Si la figure de Sanson Napollon est une des plus belles de son époque,
on aurait tort, toutefois, de négliger le souvenir des tout premiers
fondateurs du Bastion de France. Carlin Didier et Thomas Lynches ont
laissé moins de documents authentiques sur leur existence troublée
que leur successeur. La légende s'est chargée de combler
ces lacunes. Mais rien ne dit que cette légende ne sera un jour
vérifiée par une découverte historique.
Lynches et Didier, en armant quelques brigantines à destination
de la côte barbaresque, savaient exactement où ils allaient
: leur but était de faire fortune par la pêche de ce corail
dont Pline avait reconnu l'existence dans cette région maritime
bien déterminée, depuis des siècles, des environs
de " Tuniha ", devenue Mars El-Kharaz. Il paraîtrait
que les deux Marseillais, unis dans cette entreprise, avaient une raison
péremptoire de faire fortune : tous deux étaient amoureux
de la fille d'un armateur, et ce dernier avait promis la belle à
celui qui le premier reviendrait riche... On imagine la vie de la colonie
corse et marseillaise, à ses débuts, au Bastion de France
: gens du vieux port, gouapes, bons à tout faire, tout ce que
l'on avait pu ramasser de plus hardi et sans doute de plus désireux
d'échapper à la Justice du Roi.
Ce fut Thomas Lynches qui rentra le premier à Marseille pour
épouser la fille de l'armateur.

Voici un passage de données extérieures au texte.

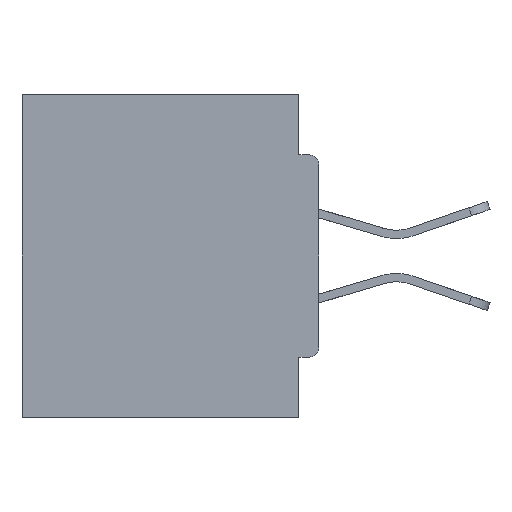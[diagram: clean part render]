
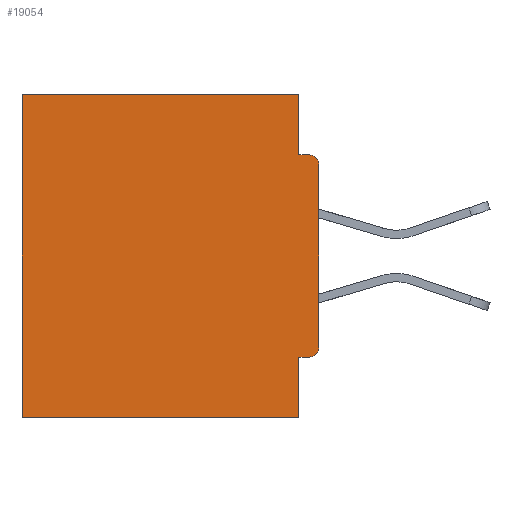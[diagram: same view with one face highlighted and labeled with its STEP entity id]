
A CAD part, left-side view. The second image highlights one B-rep face of the part: STEP entity #19054.
In plain terms, the highlighted planar face has unit normal (-1, 0, 0).
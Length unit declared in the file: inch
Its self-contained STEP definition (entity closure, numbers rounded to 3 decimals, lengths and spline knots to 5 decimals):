
#47 = EDGE_CURVE ( 'NONE', #21165, #33172, #16275, .T. ) ;
#178 = VERTEX_POINT ( 'NONE', #12140 ) ;
#303 = DIRECTION ( 'NONE',  ( 0., 0., -1. ) ) ;
#551 = CARTESIAN_POINT ( 'NONE',  ( 0.298, 0.031, -0.4065 ) ) ;
#707 = DIRECTION ( 'NONE',  ( 0., 0., -1. ) ) ;
#847 = CIRCLE ( 'NONE', #35091, 0.015 ) ;
#979 = DIRECTION ( 'NONE',  ( 0., 1., 0. ) ) ;
#1225 = CARTESIAN_POINT ( 'NONE',  ( 0.298, 0.46, -0.5 ) ) ;
#3371 = LINE ( 'NONE', #26499, #14675 ) ;
#3789 = DIRECTION ( 'NONE',  ( 1., 0., 0. ) ) ;
#3819 = ORIENTED_EDGE ( 'NONE', *, *, #20883, .F. ) ;
#4439 = ORIENTED_EDGE ( 'NONE', *, *, #16198, .F. ) ;
#4500 = VECTOR ( 'NONE', #6679, 39.37008 ) ;
#4775 = CARTESIAN_POINT ( 'NONE',  ( 0.298, 0.015, -0.0935 ) ) ;
#5470 = VECTOR ( 'NONE', #19479, 39.37008 ) ;
#5679 = ORIENTED_EDGE ( 'NONE', *, *, #13869, .F. ) ;
#6044 = LINE ( 'NONE', #33566, #28303 ) ;
#6097 = CARTESIAN_POINT ( 'NONE',  ( 0.298, 0.46, 0. ) ) ;
#6228 = CARTESIAN_POINT ( 'NONE',  ( 0.298, 0.015, -0.3915 ) ) ;
#6394 = EDGE_CURVE ( 'NONE', #178, #32007, #8444, .T. ) ;
#6679 = DIRECTION ( 'NONE',  ( 0., -1., 0. ) ) ;
#7607 = CARTESIAN_POINT ( 'NONE',  ( 0.298, 0.031, -0.5 ) ) ;
#7733 = CARTESIAN_POINT ( 'NONE',  ( 0.298, 0.031, -0.0935 ) ) ;
#8436 = DIRECTION ( 'NONE',  ( 0., 0., -1. ) ) ;
#8444 = LINE ( 'NONE', #18210, #25901 ) ;
#9391 = CARTESIAN_POINT ( 'NONE',  ( 0.298, 0., -0.3915 ) ) ;
#9697 = FACE_OUTER_BOUND ( 'NONE', #24872, .T. ) ;
#11018 = ORIENTED_EDGE ( 'NONE', *, *, #23609, .F. ) ;
#11428 = CARTESIAN_POINT ( 'NONE',  ( 0.298, 0.015, -0.1085 ) ) ;
#12140 = CARTESIAN_POINT ( 'NONE',  ( 0.298, 0.015, -0.4065 ) ) ;
#12677 = EDGE_CURVE ( 'NONE', #35721, #33172, #20181, .T. ) ;
#13034 = AXIS2_PLACEMENT_3D ( 'NONE', #23014, #3789, #34157 ) ;
#13869 = EDGE_CURVE ( 'NONE', #31877, #35721, #25764, .T. ) ;
#14091 = DIRECTION ( 'NONE',  ( -1., 0., 0. ) ) ;
#14625 = CARTESIAN_POINT ( 'NONE',  ( 0.298, 0.46, 0. ) ) ;
#14675 = VECTOR ( 'NONE', #979, 39.37008 ) ;
#15235 = VERTEX_POINT ( 'NONE', #7607 ) ;
#15463 = EDGE_CURVE ( 'NONE', #31347, #22657, #20850, .T. ) ;
#16198 = EDGE_CURVE ( 'NONE', #21165, #20035, #18630, .T. ) ;
#16275 = CIRCLE ( 'NONE', #16323, 0.015 ) ;
#16323 = AXIS2_PLACEMENT_3D ( 'NONE', #11428, #14091, #303 ) ;
#17662 = LINE ( 'NONE', #33302, #5470 ) ;
#18210 = CARTESIAN_POINT ( 'NONE',  ( 0.298, 0., -0.4065 ) ) ;
#18630 = LINE ( 'NONE', #35346, #19483 ) ;
#18857 = ORIENTED_EDGE ( 'NONE', *, *, #15463, .T. ) ;
#18969 = ORIENTED_EDGE ( 'NONE', *, *, #33100, .T. ) ;
#19054 = ADVANCED_FACE ( 'NONE', ( #9697 ), #34655, .F. ) ;
#19114 = VECTOR ( 'NONE', #707, 39.37008 ) ;
#19479 = DIRECTION ( 'NONE',  ( 0., 1., 0. ) ) ;
#19483 = VECTOR ( 'NONE', #24063, 39.37008 ) ;
#19924 = CARTESIAN_POINT ( 'NONE',  ( 0.298, 0.031, -0.5 ) ) ;
#20035 = VERTEX_POINT ( 'NONE', #9391 ) ;
#20181 = LINE ( 'NONE', #28366, #4500 ) ;
#20850 = LINE ( 'NONE', #14625, #19114 ) ;
#20883 = EDGE_CURVE ( 'NONE', #32007, #15235, #6044, .T. ) ;
#21165 = VERTEX_POINT ( 'NONE', #25429 ) ;
#22657 = VERTEX_POINT ( 'NONE', #1225 ) ;
#23014 = CARTESIAN_POINT ( 'NONE',  ( 0.298, 0., 0. ) ) ;
#23581 = DIRECTION ( 'NONE',  ( 0., 0., -1. ) ) ;
#23609 = EDGE_CURVE ( 'NONE', #15235, #22657, #17662, .T. ) ;
#24063 = DIRECTION ( 'NONE',  ( 0., 0., -1. ) ) ;
#24872 = EDGE_LOOP ( 'NONE', ( #29819, #28799, #5679, #18969, #18857, #11018, #3819, #29967, #32435, #4439 ) ) ;
#25429 = CARTESIAN_POINT ( 'NONE',  ( 0.298, 0., -0.1085 ) ) ;
#25764 = LINE ( 'NONE', #19924, #29687 ) ;
#25901 = VECTOR ( 'NONE', #29791, 39.37008 ) ;
#26499 = CARTESIAN_POINT ( 'NONE',  ( 0.298, 0., 0. ) ) ;
#28303 = VECTOR ( 'NONE', #32840, 39.37008 ) ;
#28366 = CARTESIAN_POINT ( 'NONE',  ( 0.298, 0., -0.0935 ) ) ;
#28799 = ORIENTED_EDGE ( 'NONE', *, *, #12677, .F. ) ;
#29687 = VECTOR ( 'NONE', #23581, 39.37008 ) ;
#29791 = DIRECTION ( 'NONE',  ( 0., 1., 0. ) ) ;
#29819 = ORIENTED_EDGE ( 'NONE', *, *, #47, .T. ) ;
#29967 = ORIENTED_EDGE ( 'NONE', *, *, #6394, .F. ) ;
#31347 = VERTEX_POINT ( 'NONE', #6097 ) ;
#31426 = EDGE_CURVE ( 'NONE', #178, #20035, #847, .T. ) ;
#31877 = VERTEX_POINT ( 'NONE', #34110 ) ;
#32007 = VERTEX_POINT ( 'NONE', #551 ) ;
#32435 = ORIENTED_EDGE ( 'NONE', *, *, #31426, .T. ) ;
#32840 = DIRECTION ( 'NONE',  ( 0., 0., -1. ) ) ;
#33100 = EDGE_CURVE ( 'NONE', #31877, #31347, #3371, .T. ) ;
#33172 = VERTEX_POINT ( 'NONE', #4775 ) ;
#33302 = CARTESIAN_POINT ( 'NONE',  ( 0.298, 0., -0.5 ) ) ;
#33566 = CARTESIAN_POINT ( 'NONE',  ( 0.298, 0.031, -0.5 ) ) ;
#33668 = DIRECTION ( 'NONE',  ( -1., 0., 0. ) ) ;
#34110 = CARTESIAN_POINT ( 'NONE',  ( 0.298, 0.031, 0. ) ) ;
#34157 = DIRECTION ( 'NONE',  ( 0., 0., -1. ) ) ;
#34655 = PLANE ( 'NONE',  #13034 ) ;
#35091 = AXIS2_PLACEMENT_3D ( 'NONE', #6228, #33668, #8436 ) ;
#35346 = CARTESIAN_POINT ( 'NONE',  ( 0.298, 0., 0. ) ) ;
#35721 = VERTEX_POINT ( 'NONE', #7733 ) ;
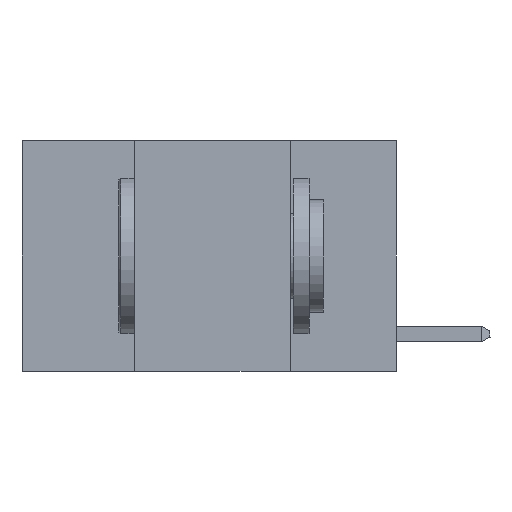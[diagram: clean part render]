
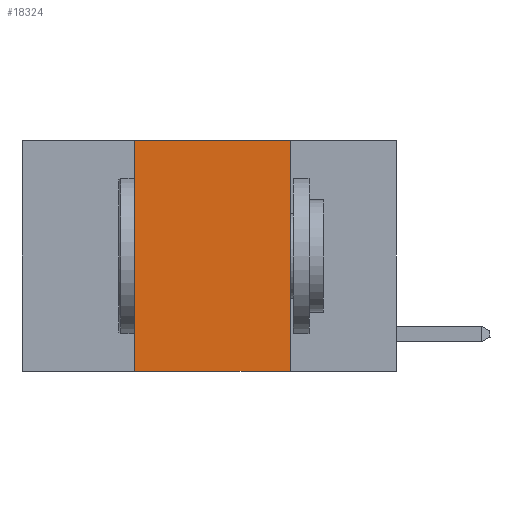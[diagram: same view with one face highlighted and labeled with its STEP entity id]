
A CAD part, left-side view. The second image highlights one B-rep face of the part: STEP entity #18324.
In plain terms, the highlighted planar face has unit normal (-1, 0, 0).
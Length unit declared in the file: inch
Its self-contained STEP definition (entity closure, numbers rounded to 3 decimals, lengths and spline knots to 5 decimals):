
#391 = ORIENTED_EDGE ( 'NONE', *, *, #11359, .T. ) ;
#1185 = CARTESIAN_POINT ( 'NONE',  ( 0., 0.6, -0.37 ) ) ;
#1275 = AXIS2_PLACEMENT_3D ( 'NONE', #5825, #7262, #17181 ) ;
#3402 = ORIENTED_EDGE ( 'NONE', *, *, #18342, .F. ) ;
#3953 = VERTEX_POINT ( 'NONE', #12830 ) ;
#4317 = PLANE ( 'NONE',  #1275 ) ;
#5253 = VECTOR ( 'NONE', #18548, 39.37008 ) ;
#5735 = VERTEX_POINT ( 'NONE', #11855 ) ;
#5783 = VECTOR ( 'NONE', #18543, 39.37008 ) ;
#5825 = CARTESIAN_POINT ( 'NONE',  ( 0., 0.6, 0. ) ) ;
#6463 = VECTOR ( 'NONE', #8542, 39.37008 ) ;
#7065 = CARTESIAN_POINT ( 'NONE',  ( 0., 0.6, 0. ) ) ;
#7262 = DIRECTION ( 'NONE',  ( 1., 0., 0. ) ) ;
#7538 = EDGE_CURVE ( 'NONE', #5735, #12138, #17056, .T. ) ;
#8542 = DIRECTION ( 'NONE',  ( 0., -1., 0. ) ) ;
#8749 = CARTESIAN_POINT ( 'NONE',  ( 0., 0.42, 0. ) ) ;
#9385 = EDGE_LOOP ( 'NONE', ( #3402, #18594, #15306, #391 ) ) ;
#10038 = FACE_OUTER_BOUND ( 'NONE', #9385, .T. ) ;
#10137 = CARTESIAN_POINT ( 'NONE',  ( 0., 0.17, 0. ) ) ;
#10241 = VERTEX_POINT ( 'NONE', #15372 ) ;
#11359 = EDGE_CURVE ( 'NONE', #5735, #3953, #14928, .T. ) ;
#11855 = CARTESIAN_POINT ( 'NONE',  ( 0., 0.42, -0.37 ) ) ;
#12138 = VERTEX_POINT ( 'NONE', #18589 ) ;
#12560 = EDGE_CURVE ( 'NONE', #12138, #10241, #12681, .T. ) ;
#12681 = LINE ( 'NONE', #7065, #16444 ) ;
#12725 = DIRECTION ( 'NONE',  ( 0., -1., 0. ) ) ;
#12830 = CARTESIAN_POINT ( 'NONE',  ( 0., 0.17, -0.37 ) ) ;
#13347 = LINE ( 'NONE', #10137, #5783 ) ;
#14928 = LINE ( 'NONE', #1185, #6463 ) ;
#15306 = ORIENTED_EDGE ( 'NONE', *, *, #7538, .F. ) ;
#15372 = CARTESIAN_POINT ( 'NONE',  ( 0., 0.17, 0. ) ) ;
#16444 = VECTOR ( 'NONE', #12725, 39.37008 ) ;
#17056 = LINE ( 'NONE', #8749, #5253 ) ;
#17181 = DIRECTION ( 'NONE',  ( 0., 0., -1. ) ) ;
#18324 = ADVANCED_FACE ( 'NONE', ( #10038 ), #4317, .F. ) ;
#18342 = EDGE_CURVE ( 'NONE', #10241, #3953, #13347, .T. ) ;
#18543 = DIRECTION ( 'NONE',  ( 0., 0., -1. ) ) ;
#18548 = DIRECTION ( 'NONE',  ( 0., 0., 1. ) ) ;
#18589 = CARTESIAN_POINT ( 'NONE',  ( 0., 0.42, 0. ) ) ;
#18594 = ORIENTED_EDGE ( 'NONE', *, *, #12560, .F. ) ;

Et quand on lui demanda ce qu'était
devenu son compagnon, il assura que Carlin Didier vivait parmi les tribus
arabes de la région des lacs, et s'était épris
d'une femme Ouled-Diab... Il est bien probable que la disparition de
Didier avait une cause moins romanesque et plus tragique... Peu importe.
Thomas Lynches épousa la belle et l'emmena, dit-on, au Bastion
de France. Une jolie fille parmi tant de forbans, on se doute que cela
ne devait pas aller sans tourments : Thomas fut tué, on ne sait
comment, et sa femme fut sans doute la femme de tous les bandits du
Bastion.
Quel beau roman à construire avec cette légende, au milieu
de ce pays étonnamment beau, dans les forêts de la région
de La Calle, sur la côte profondément découpée
ou frangée de plages immenses, parmi le décor fantastique
des lacs, dans cette atmosphère toute préparée
pour le drame qui s'y est peut-être réellement joué.
Mais il y a d'autres raisons d'aimer cette contrée et de la visiter.
Le touriste ne se contente pas de souvenirs historiques ou légendaires.
Il est peu de villes maritimes qui joignent à ces attraits ceux
d'un climat aussi vigorant et d'une aussi riche variété
dans le décor.
Quoiqu'il en soit, espérons que le monument à Sanson Napollon
et à ses prédécesseurs s'élève bientôt
sous les palmiers de la promenade de La Calle, face à la presqu'île,
en cet endroit du port où nous a conduit dernièrement
M. Barris du Penher, maire et délégué financier
de I.a Calle, en nous entretenant des richesses de ce pays qu'il aime
tant et dont l'amitié lui est si précieuse.